## EXERCISE GOAL
Using the records below, transcribe word for word the stretch from the line that contains "# Drawn here: x" through the line that contains "each defined once", both end lines included, and nothing else.

┌────────

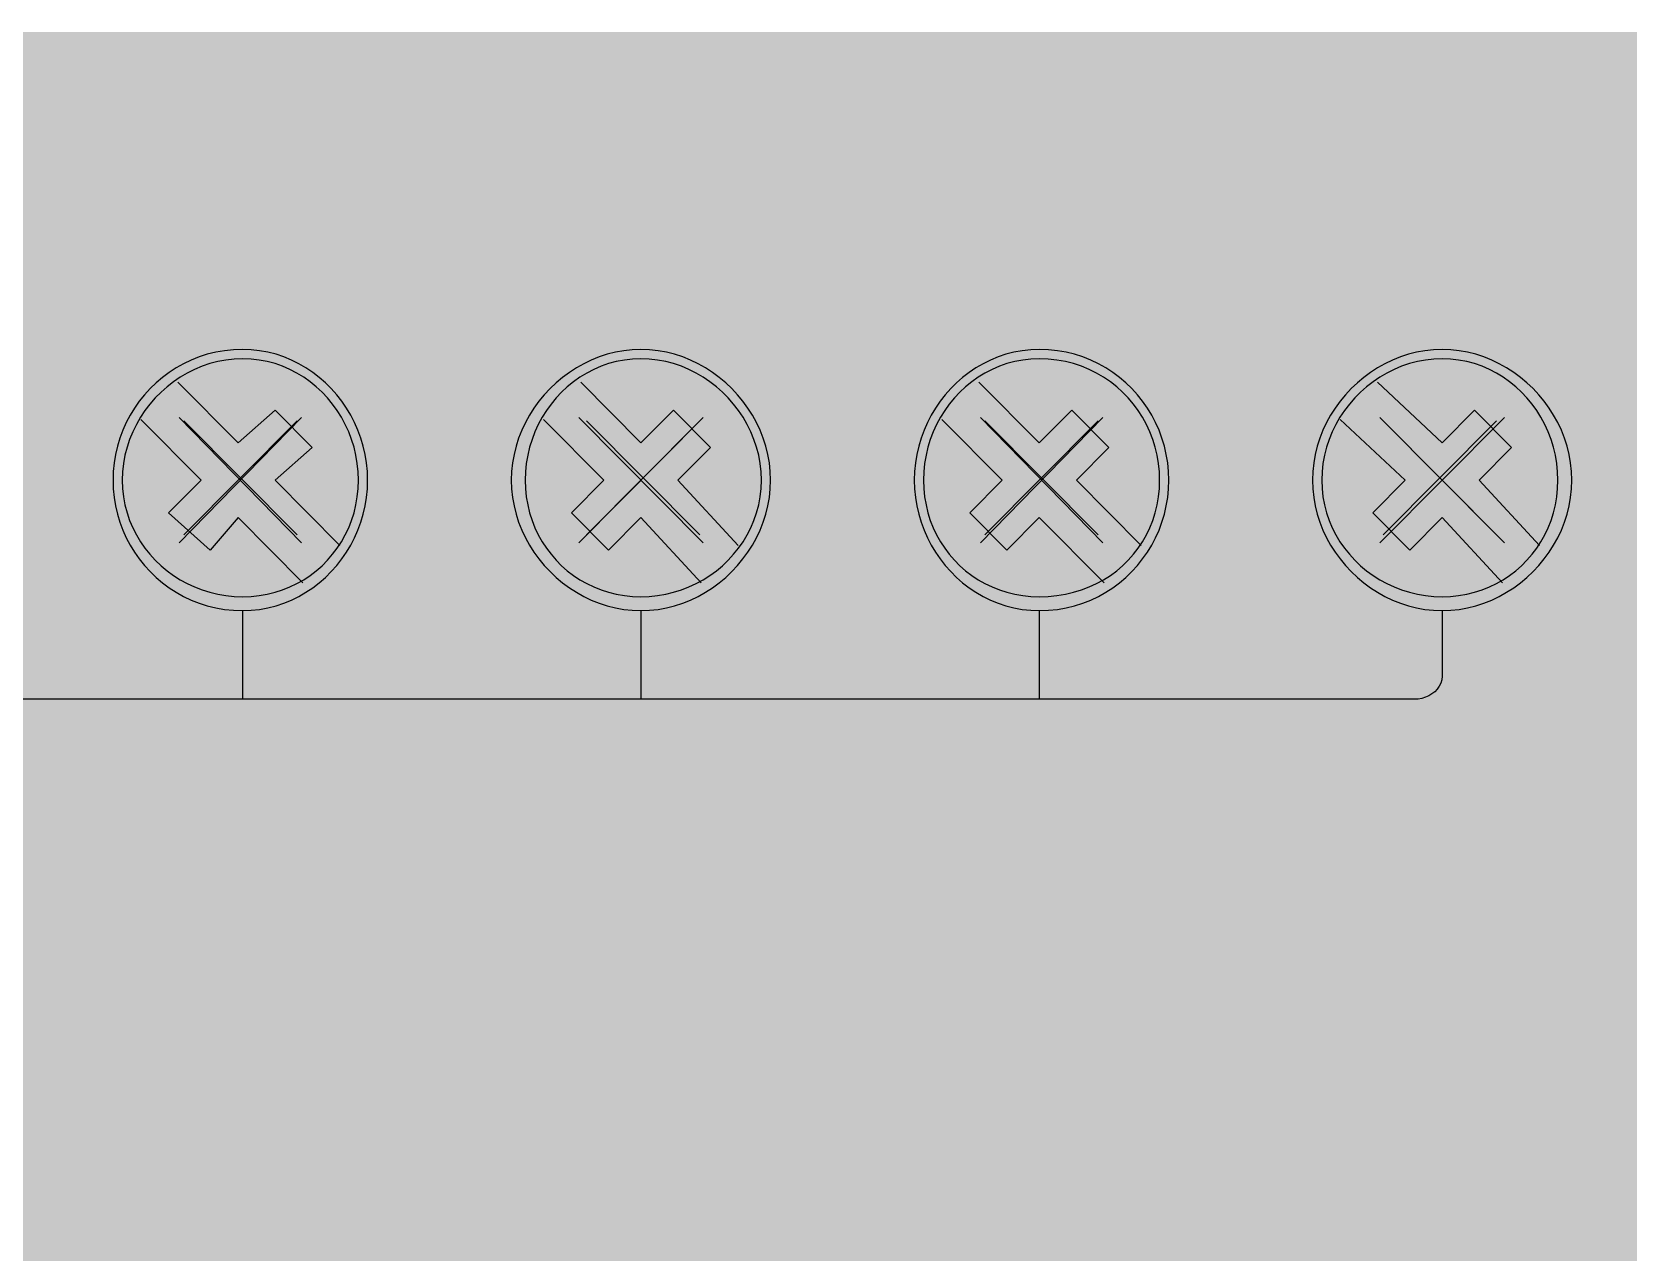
# Model space of a CAD drawing. Header units: millimetres. Extents: x 0 to 966, y -664 to 90.
# Drawn here: x 535.44 to 566.23, y -323.53 to -300 of the extents above; entities that cross this region are included whole.
import ezdxf

# ---------------------------------------------------------------- set-up
doc = ezdxf.new("R2010")
doc.units = ezdxf.units.MM
for name, color, linetype in [('HDL_BODY', 7, 'Continuous'), ('HDL_COLOUR', 7, 'Continuous'), ('HDL_DETAIL', 7, 'Continuous'), ('HDL_PRINT', 7, 'Continuous')]:
    doc.layers.add(name, color=color, linetype=linetype)

# ---------------------------------------------------------------- blocks, each defined once
blk = doc.blocks.new('M_DM06.1_FRONT')
at = {"layer": 'HDL_BODY', "true_color": 0x202126}
blk.add_hatch(color=250, dxfattribs=at).paths.add_polyline_path([(0, 0), (216, 0), (216, 90), (0, 90)])
at = {"layer": 'HDL_BODY', "true_color": 0x2a2a30}
blk.add_hatch(color=250, dxfattribs=at).paths.add_polyline_path([(0.4, 20.52), (215.6, 20.52), (215.6, 68.31), (0.4, 68.31)])
at = {"layer": 'HDL_COLOUR', "true_color": 0x1a332c}
for points in [[(41.919, 81.355), (41.914, 81.523), (41.897, 81.688), (41.871, 81.851), (41.834, 82.011), (41.787, 82.167), (41.731, 82.319), (41.666, 82.466), (41.592, 82.609), (41.51, 82.746), (41.42, 82.877), (41.322, 83.003), (41.216, 83.122), (41.104, 83.233), (40.985, 83.337), (40.86, 83.434), (40.729, 83.522), (40.592, 83.601), (40.45, 83.671), (40.303, 83.732), (40.152, 83.782), (39.996, 83.822), (39.836, 83.851), (39.673, 83.869), (39.507, 83.875), (39.33, 83.869), (39.158, 83.851), (38.989, 83.822), (38.826, 83.782), (38.667, 83.732), (38.514, 83.671), (38.366, 83.601), (38.224, 83.522), (38.088, 83.434), (37.959, 83.337), (37.837, 83.233), (37.721, 83.122), (37.614, 83.003), (37.514, 82.877), (37.422, 82.746), (37.338, 82.609), (37.263, 82.466), (37.197, 82.319), (37.141, 82.167), (37.093, 82.011), (37.056, 81.851), (37.029, 81.688), (37.013, 81.523), (37.008, 81.355), (37.013, 81.187), (37.029, 81.022), (37.056, 80.86), (37.093, 80.7), (37.141, 80.544), (37.197, 80.393), (37.263, 80.245), (37.338, 80.103), (37.422, 79.966), (37.514, 79.834), (37.614, 79.709), (37.721, 79.591), (37.837, 79.479), (37.959, 79.375), (38.088, 79.279), (38.224, 79.191), (38.366, 79.111), (38.514, 79.041), (38.667, 78.981), (38.826, 78.93), (38.989, 78.89), (39.158, 78.861), (39.33, 78.844), (39.507, 78.838), (39.673, 78.844), (39.836, 78.861), (39.996, 78.89), (40.152, 78.93), (40.303, 78.981), (40.45, 79.041), (40.592, 79.111), (40.729, 79.191), (40.86, 79.279), (40.985, 79.375), (41.104, 79.479), (41.216, 79.591), (41.322, 79.709), (41.42, 79.834), (41.51, 79.966), (41.592, 80.103), (41.666, 80.245), (41.731, 80.393), (41.787, 80.544), (41.834, 80.7), (41.871, 80.86), (41.897, 81.022), (41.914, 81.187), (41.919, 81.355)], [(49.692, 81.355), (49.686, 81.523), (49.669, 81.688), (49.64, 81.851), (49.6, 82.011), (49.55, 82.167), (49.49, 82.319), (49.42, 82.466), (49.342, 82.609), (49.254, 82.746), (49.159, 82.877), (49.055, 83.003), (48.944, 83.122), (48.826, 83.233), (48.702, 83.337), (48.571, 83.434), (48.435, 83.522), (48.293, 83.601), (48.147, 83.671), (47.996, 83.732), (47.841, 83.782), (47.683, 83.822), (47.521, 83.851), (47.356, 83.869), (47.19, 83.875), (47.023, 83.869), (46.859, 83.851), (46.698, 83.822), (46.54, 83.782), (46.385, 83.732), (46.234, 83.671), (46.088, 83.601), (45.947, 83.522), (45.811, 83.434), (45.68, 83.337), (45.556, 83.233), (45.438, 83.122), (45.327, 83.003), (45.224, 82.877), (45.128, 82.746), (45.041, 82.609), (44.962, 82.466), (44.893, 82.319), (44.832, 82.167), (44.782, 82.011), (44.743, 81.851), (44.714, 81.688), (44.696, 81.523), (44.69, 81.355), (44.696, 81.187), (44.714, 81.022), (44.743, 80.86), (44.782, 80.7), (44.832, 80.544), (44.893, 80.393), (44.962, 80.245), (45.041, 80.103), (45.128, 79.966), (45.224, 79.834), (45.327, 79.709), (45.438, 79.591), (45.556, 79.479), (45.68, 79.375), (45.811, 79.279), (45.947, 79.191), (46.088, 79.111), (46.234, 79.041), (46.385, 78.981), (46.54, 78.93), (46.698, 78.89), (46.859, 78.861), (47.023, 78.844), (47.19, 78.838), (47.356, 78.844), (47.521, 78.861), (47.683, 78.89), (47.841, 78.93), (47.996, 78.981), (48.147, 79.041), (48.293, 79.111), (48.435, 79.191), (48.571, 79.279), (48.702, 79.375), (48.826, 79.479), (48.944, 79.591), (49.055, 79.709), (49.159, 79.834), (49.254, 79.966), (49.342, 80.103), (49.42, 80.245), (49.49, 80.393), (49.55, 80.544), (49.6, 80.7), (49.64, 80.86), (49.669, 81.022), (49.686, 81.187), (49.692, 81.355)], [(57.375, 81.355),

└────────

## SOLUTION TO THE PROBLEM
# Drawn here: x 535.44 to 566.23, y -323.53 to -300 of the extents above; entities that cross this region are included whole.
import ezdxf

# ---------------------------------------------------------------- set-up
doc = ezdxf.new("R2010")
doc.units = ezdxf.units.MM
for name, color, linetype in [('HDL_BODY', 7, 'Continuous'), ('HDL_COLOUR', 7, 'Continuous'), ('HDL_DETAIL', 7, 'Continuous'), ('HDL_PRINT', 7, 'Continuous')]:
    doc.layers.add(name, color=color, linetype=linetype)

# ---------------------------------------------------------------- blocks, each defined once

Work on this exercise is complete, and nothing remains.